There was war in Heaven.

Well. No. Not precisely. Greg Lestrade, though, sitting silent on one of the big oak benches lining the shabby corridors hidden under London, where the government had hidden during WWII and from which it had never entirely crawled back out, was hard put to find a better description. He’d have sworn that half of London was crawling with rebel insects, of all hives and factions, all ruled by their own furious little queen bees, all prepared to sting each other to death for the privilege of being the one surviving hive in the territory, no matter how small that territory had become.

The figures he’d seen sweep through here today! The different departments sending their varied representatives to “deal” with Mycroft Holmes—regardless of what definition of “deal” was intended. Some were out to destroy him—shadow leader of a shadow government, “deep state,” civil service royalty. The eminence grise. Others intended to actually murder him. Fortunately he was well protected, his knights and bishops and rooks and even his pawns placed well. Assassins made little progress, barring a few who accomplished their own private parade to the grave. Some came ready to fall to their knees, begging support and alliance. Others to lay out terms of truce.

Through it all, the door to this most hidden of Mycroft’s hidden offices stood firm, like the door of a wardrobe into Narnia, or the portal of a Stargate. Those passing in passed into a distant land in which they held no power Mycroft chose not to grant them. They came away with only what he chose to allow them.

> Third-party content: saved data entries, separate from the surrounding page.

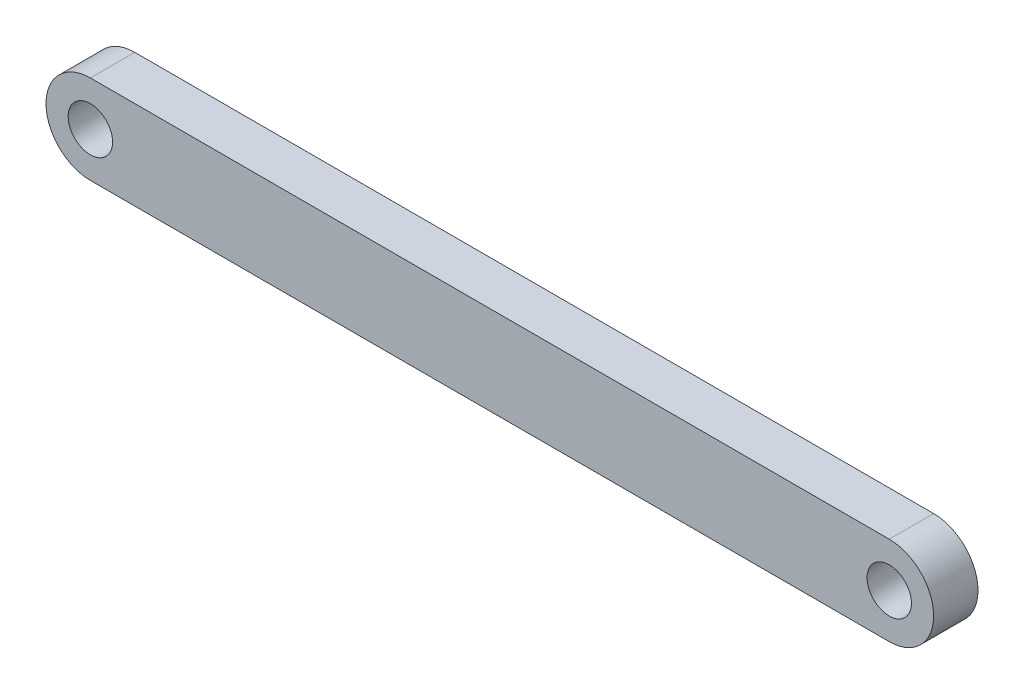
from build123d import *

# Parameters (mm, degrees)
CROQUIS1_R              = 1
SALIENTE_EXTRUIR1_DEPTH = 2


with BuildPart() as part:
    # Croquis1 → Saliente-Extruir1 (new body)
    with BuildSketch(Plane.XY):
        with BuildLine():
            Line((0, 2), (36, 2))
            ThreePointArc((36, 2), (38, 0), (36, -2))
            Line((36, -2), (0, -2))
            ThreePointArc((0, -2), (-2, 0), (0, 2))
        make_face()
        Circle(CROQUIS1_R, mode=Mode.SUBTRACT)
        with Locations((36, 0)):
            Circle(CROQUIS1_R, mode=Mode.SUBTRACT)
    extrude(amount=SALIENTE_EXTRUIR1_DEPTH)


solid = part.part

And now, the man behind this entire day. The set point in time, inescapable. The inevitable result of an inevitable cascade of bad choices by powerful people, going on for years. His figure was familiar. His blond frowse of hair well known. His portly figure a hallmark. He barreled down the dark, ill-lit corridor, so narrow and so plain compared to modern architecture, the paint chipped and stained and dusty, the concrete echoing… His body guards preceded him and tailed him, but there was just no room for them to flank him.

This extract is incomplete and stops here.